“Cuenta la leyenda que, al concebir su famoso fresco La Última Cena, Leonardo da Vinci se topó con una gran dificultad: necesitaba pintar el Bien –en la imagen de Jesús– y el Mal –en la figura de Judas”.
En 1476, dos hombres conversan en el interior de una iglesia medieval. Se detienen durante algunos minutos frente a un cuadro en el que se ve a dos ángeles, de manos dadas, descendiendo hacia una ciudad.
–Estamos viviendo el terror de la peste bubónica –comenta uno de ellos–. Hay personas muriendo; no quiero ver imágenes de ángeles.
–Esta pintura es sobre la peste –dice el otro–. Es una representación de la Leyenda Áurea. El ángel vestido de rojo es Lucifer, el Maligno. Fíjate en la pequeña bolsa que lleva atada al cinturón: allí dentro está la epidemia que ha devastado nuestras vidas y las vidas de nuestras familias.
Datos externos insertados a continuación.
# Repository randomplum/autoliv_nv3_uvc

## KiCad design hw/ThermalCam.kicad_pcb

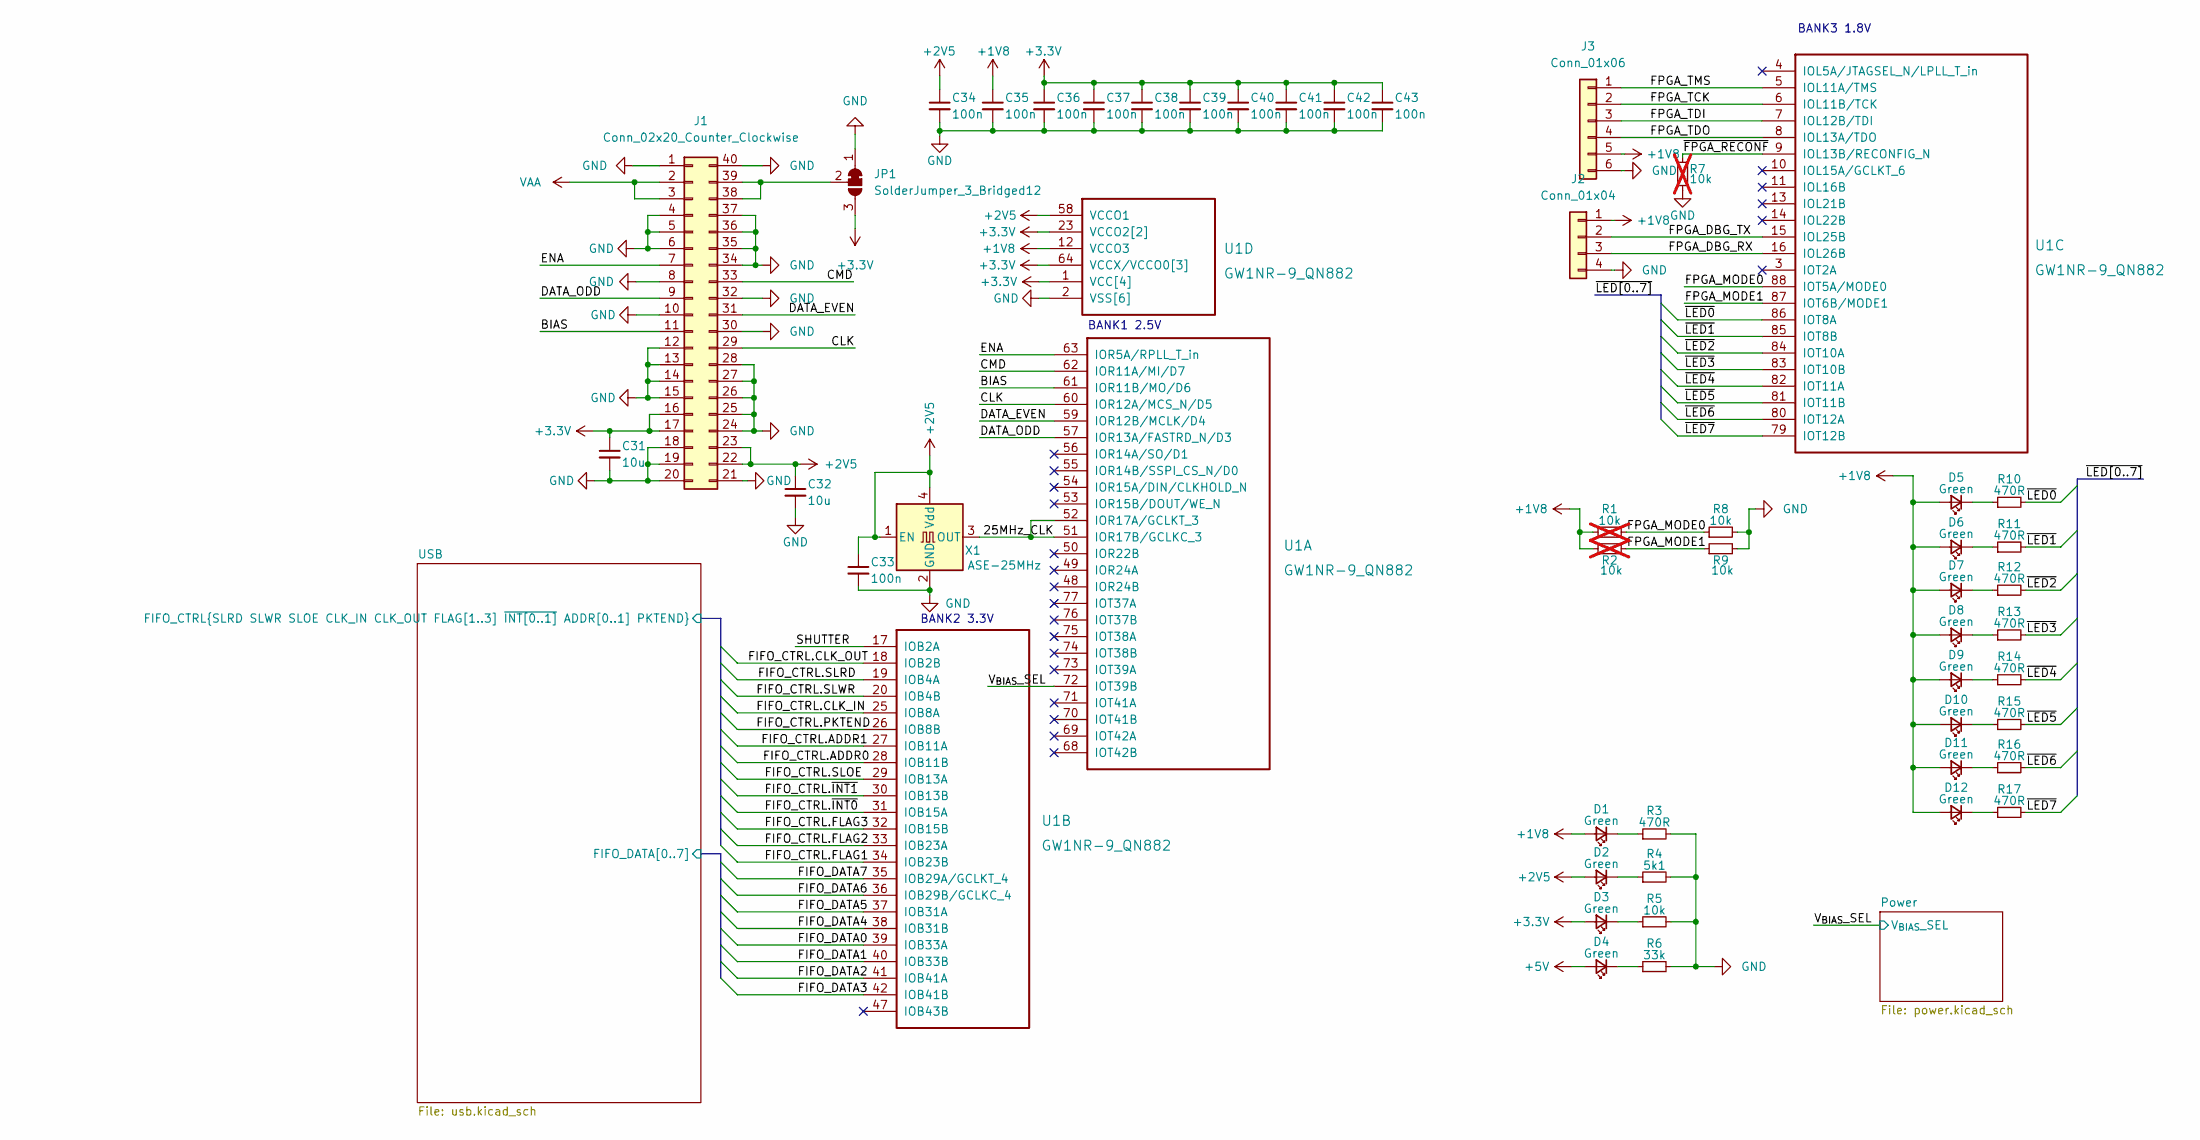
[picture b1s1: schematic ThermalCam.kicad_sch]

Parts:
C31, C32: 10u; C_0402_1005Metric
C33, C34, C35, C36, C37, C38, C39, C40, C41, C42, C43: 100n; C_0402_1005Metric
D1, D2, D3, D4, D5, D6, D7, D8, D9, D10, D11, D12: Green; LED_0402_1005Metric
J1: Conn_02x20_Counter_Clockwise; 52991-0408
J2: Conn_01x04; PinHeader_1x04_P2.54mm_Vertical
J3: Conn_01x06; PinHeader_1x06_P2.54mm_Vertical
JP1: SolderJumper_3_Bridged12; SolderJumper-3_P1.3mm_Bridged2Bar12_RoundedPad1.0x1.5mm_Num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
R1, R2, R7: 10k; R_0402_1005Metric; not fitted
R3, R10, R11, R12, R13, R14, R15, R16, R17: 470R; R_0402_1005Metric
R4: 5k1; R_0402_1005Metric
R5, R8, R9: 10k; R_0402_1005Metric
R6: 33k; R_0402_1005Metric
U1: GW1NR-9_QN882; QFN-88_EP_10x10_Pitch0.4mm
X1: ASE-25MHz; Oscillator_SMD_Abracon_ASE-4Pin_3.2x2.5mm

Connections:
+1V8: C35.1, D1.2 (A), D5.2 (A), D6.2 (A), D7.2 (A), D8.2 (A), D9.2 (A), D10.2 (A), D11.2 (A), D12.2 (A), J2.1, J3.5, R1.1, R2.1, U1.12 (VCCO3); also elsewhere on the board
+2V5: C32.1, C33.1, C34.1, D2.2 (A), J1.22, J1.23, U1.58 (VCCO1), X1.1 (EN), X1.4 (Vdd); also elsewhere on the board
+3.3V: C31.1, C36.1, C37.1, C38.1, C39.1, C40.1, C41.1, C42.1, C43.1, D3.2 (A), J1.16, J1.17, JP1.3 (B), U1.1 (VCC[4]), U1.22 (VCC[4]), U1.23 (VCCO2[2]), U1.44 (VCCO2[2]), U1.45 (VCC[4]), U1.64 (VCCX/VCCO0[3]), U1.66 (VCC[4]), U1.67 (VCCX/VCCO0[3]), U1.78 (VCCX/VCCO0[3]); also elsewhere on the board
+5V: D4.2 (A); also elsewhere on the board
/25MHz_CLK: U1.51 (IOR17B/GCLKC_3), U1.52 (IOR17A/GCLKT_3), X1.3 (OUT)
/BIAS: J1.11, U1.61 (IOR11B/MO/D6)
/CLK: J1.29, U1.60 (IOR12A/MCS_N/D5)
/CMD: J1.33, U1.62 (IOR11A/MI/D7)
/DATA_EVEN: J1.31, U1.59 (IOR12B/MCLK/D4)
/DATA_ODD: J1.9, U1.57 (IOR13A/FASTRD_N/D3)
/ENA: J1.7, U1.63 (IOR5A/RPLL_T_in)
/FPGA_DBG_RX: J2.3, U1.16 (IOL26B)
/FPGA_DBG_TX: J2.2, U1.15 (IOL25B)
/FPGA_MODE0: R1.2, R8.1, U1.88 (IOT5A/MODE0)
/FPGA_MODE1: R2.2, R9.1, U1.87 (IOT6B/MODE1)
/FPGA_TCK: J3.2, U1.6 (IOL11B/TCK)
/FPGA_TDI: J3.3, U1.7 (IOL12B/TDI)
/FPGA_TDO: J3.4, U1.8 (IOL13A/TDO)
/FPGA_TMS: J3.1, U1.5 (IOL11A/TMS)
/SHUTTER: U1.17 (IOB2A)
/USB/FIFO_CTRL.ADDR0: U1.28 (IOB11B); also elsewhere on the board
/USB/FIFO_CTRL.ADDR1: U1.27 (IOB11A); also elsewhere on the board
/USB/FIFO_CTRL.CLK_IN: U1.25 (IOB8A); also elsewhere on the board
/USB/FIFO_CTRL.CLK_OUT: U1.18 (IOB2B); also elsewhere on the board
/USB/FIFO_CTRL.FLAG1: U1.34 (IOB23B); also elsewhere on the board
/USB/FIFO_CTRL.FLAG2: U1.33 (IOB23A); also elsewhere on the board
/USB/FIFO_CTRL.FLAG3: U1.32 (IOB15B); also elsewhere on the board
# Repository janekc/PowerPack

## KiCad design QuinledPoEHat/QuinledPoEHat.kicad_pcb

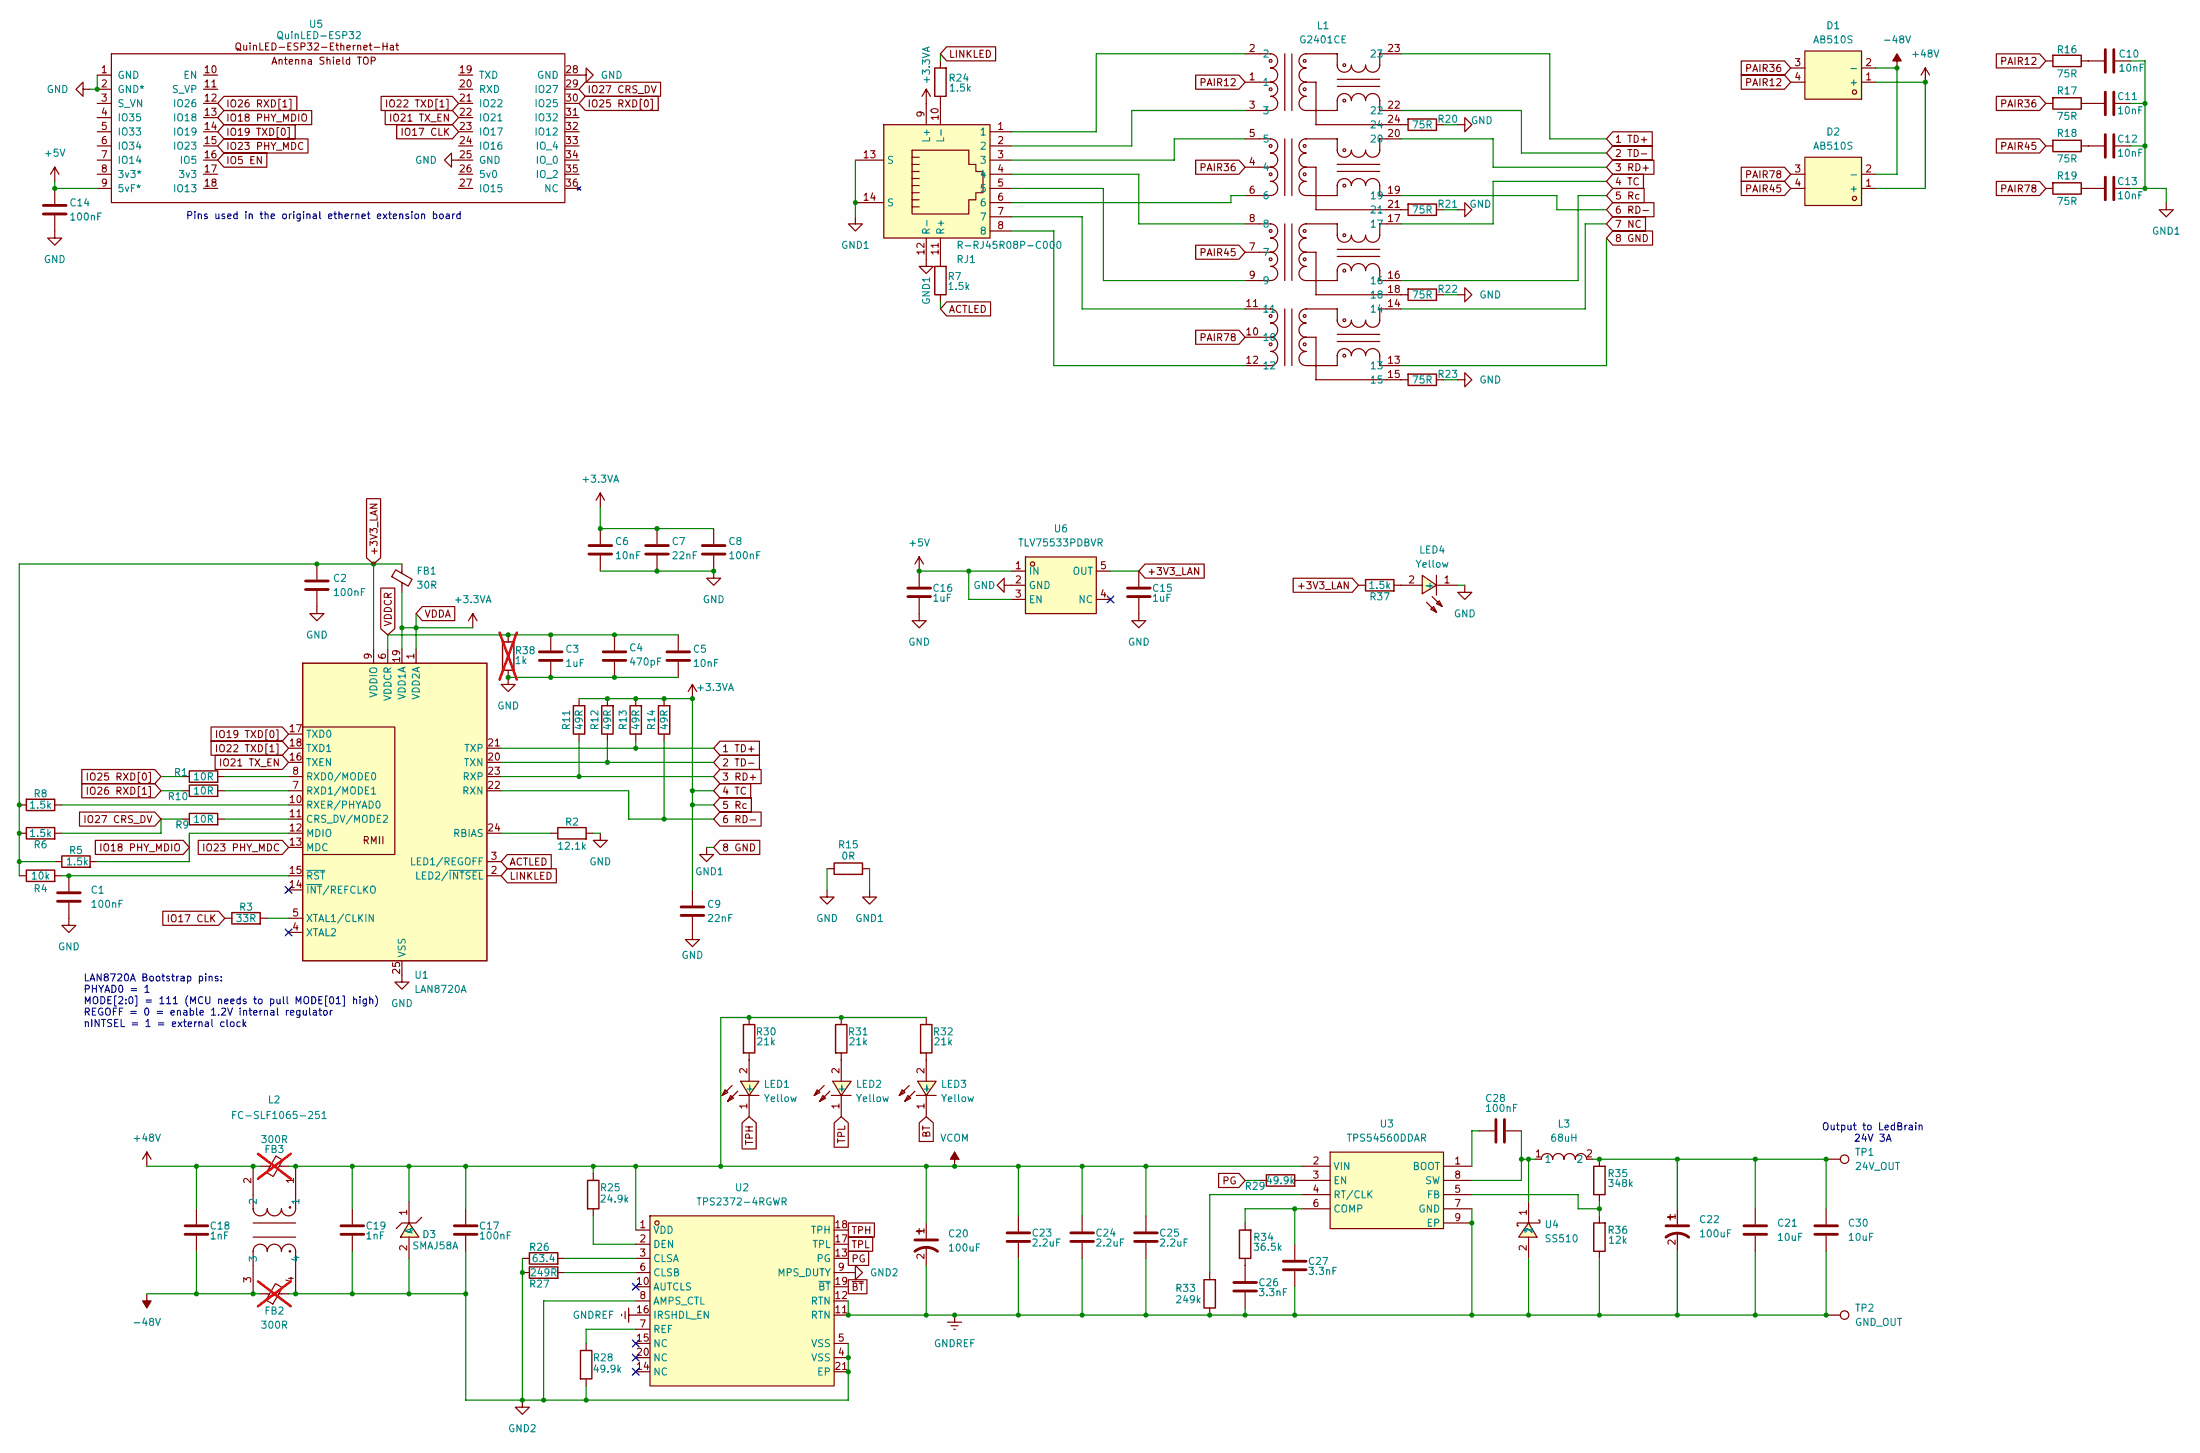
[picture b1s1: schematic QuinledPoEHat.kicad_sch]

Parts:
C1, C2, C8, C14, C17, C28: 100nF; C_0603_1608Metric_Pad1.08x0.95mm_HandSolder
C3, C15, C16: 1uF; C_0603_1608Metric_Pad1.08x0.95mm_HandSolder
C4: 470pF; C_0603_1608Metric_Pad1.08x0.95mm_HandSolder
C5, C6, C10, C11, C12, C13: 10nF; C_0603_1608Metric_Pad1.08x0.95mm_HandSolder
C7, C9: 22nF; C_0603_1608Metric_Pad1.08x0.95mm_HandSolder
C18, C19: 1nF; C_0603_1608Metric_Pad1.08x0.95mm_HandSolder
C20, C22: 100uF; CAP-SMD_BD10.0-L10.3-W10.3-FD; LCSC Part C22387799
C21, C30: 10uF; C_1206_3216Metric_Pad1.33x1.80mm_HandSolder
C23, C24, C25: 2.2uF; C_0805_2012Metric_Pad1.18x1.45mm_HandSolder
C26, C27: 3.3nF; C_0603_1608Metric_Pad1.08x0.95mm_HandSolder
D1, D2: AB510S; ABS-SMD_L5.0-W4.4-P4.00-LS7.0-BL; LCSC Part C22449614
D3: SMAJ58A; SMA_L4.3-W2.6-LS5.2-RD; LCSC Part C151246
FB1: 30R; L_0603_1608Metric_Pad1.05x0.95mm_HandSolder
FB2, FB3: 300R; L_0603_1608Metric_Pad1.05x0.95mm_HandSolder; not fitted
L1: G2401CE; SMD-24_L15.1-W7.1-P1.00-LS10.0-BL; LCSC Part C2904710
L2: FC-SLF1065-251; FILTER-SMD_L10.0-W8.7-FC-SLF1065-471; LCSC Part C5221405
L3: 68uH; IND-SMD_L11.0-W10.2_CXP1050; LCSC Part C7187328
LED1, LED2, LED3, LED4: Yellow; LED0603-RD; LCSC Part C125093
R1, R9, R10: 10R; R_0603_1608Metric_Pad0.98x0.95mm_HandSolder
R2: 12.1k; R_0603_1608Metric_Pad0.98x0.95mm_HandSolder
R3: 33R; R_0603_1608Metric_Pad0.98x0.95mm_HandSolder
R4: 10k; R_0603_1608Metric_Pad0.98x0.95mm_HandSolder
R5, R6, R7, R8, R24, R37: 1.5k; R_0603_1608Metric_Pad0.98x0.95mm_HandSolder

El hombre observa la pintura con cuidado. Realmente, Lucifer lleva una pequeña bolsa; sin embargo, el ángel que lo conduce tiene una apariencia serena, pacífica, iluminada.
–Si Lucifer trae la peste, ¿quién es este otro que lo lleva de la mano?
–Este es el ángel del Señor, el mensajero del Bien. Sin su permiso, el Mal jamás podría manifestarse.
–¿Qué es lo que está haciendo, entonces?
–Mostrando el lugar donde los hombres deben ser purificados por una tragedia.
Da Vinci busca a sus modelos
Cuenta la leyenda que, al concebir su famoso fresco La Última Cena, Leonardo da Vinci se topó con una gran dificultad: necesitaba pintar el Bien –en la imagen de Jesús– y el Mal –en la figura de Judas–. Cierto día, mientras escuchaba a un coro, encontró en uno de los muchachos la imagen ideal de Cristo. Lo invitó a su taller, y reprodujo sus trazos en estudios y esbozos. Antes de que el muchacho saliera, le enseñó el proyecto del fresco. Lo elogió por representar el rostro de Cristo.
Pasaron tres años. La Santa Cena, que embellecía una de las iglesias más conocidas de la ciudad, estaba casi concluida, pero Leonardo da Vinci aún no había encontrado el modelo ideal para Judas.
El cardenal, responsable de aquella iglesia, empezó a presionar a Leonardo, exigiéndole que terminase cuanto antes su trabajo.
Después de muchos días buscando, el pintor encontró a un joven prematuramente envejecido, con la ropa hecha jirones, borracho, tirado en la cuneta. Con dificultad, les pidió a sus ayudantes que lo llevaran a la iglesia, pues ya no le quedaba tiempo para hacer esbozos.
Cargaron hasta allí al mendigo, que no conseguía entender bien lo que estaba ocurriendo: los ayudantes lo mantenían de pie, mientras Leonardo copiaba las líneas de la mezquindad, del pecado, del egoísmo, tan bien delineadas en aquel rostro.
Cuando terminó el trabajo, el mendigo –ya un poco recuperado de su resaca– abrió los ojos y se fijó en el fresco que tenía frente a él. Y dijo, con una mezcla de espanto y tristeza:
–¡Yo ya había visto ese cuadro antes!
–¿Cuándo? –preguntó sorprendido Leonardo.
–Hace tres años, antes de que perdiera todo lo que tenía. En una época en la que cantaba en un coro. Y el artista me invitó para que posara como modelo del rostro de Jesús.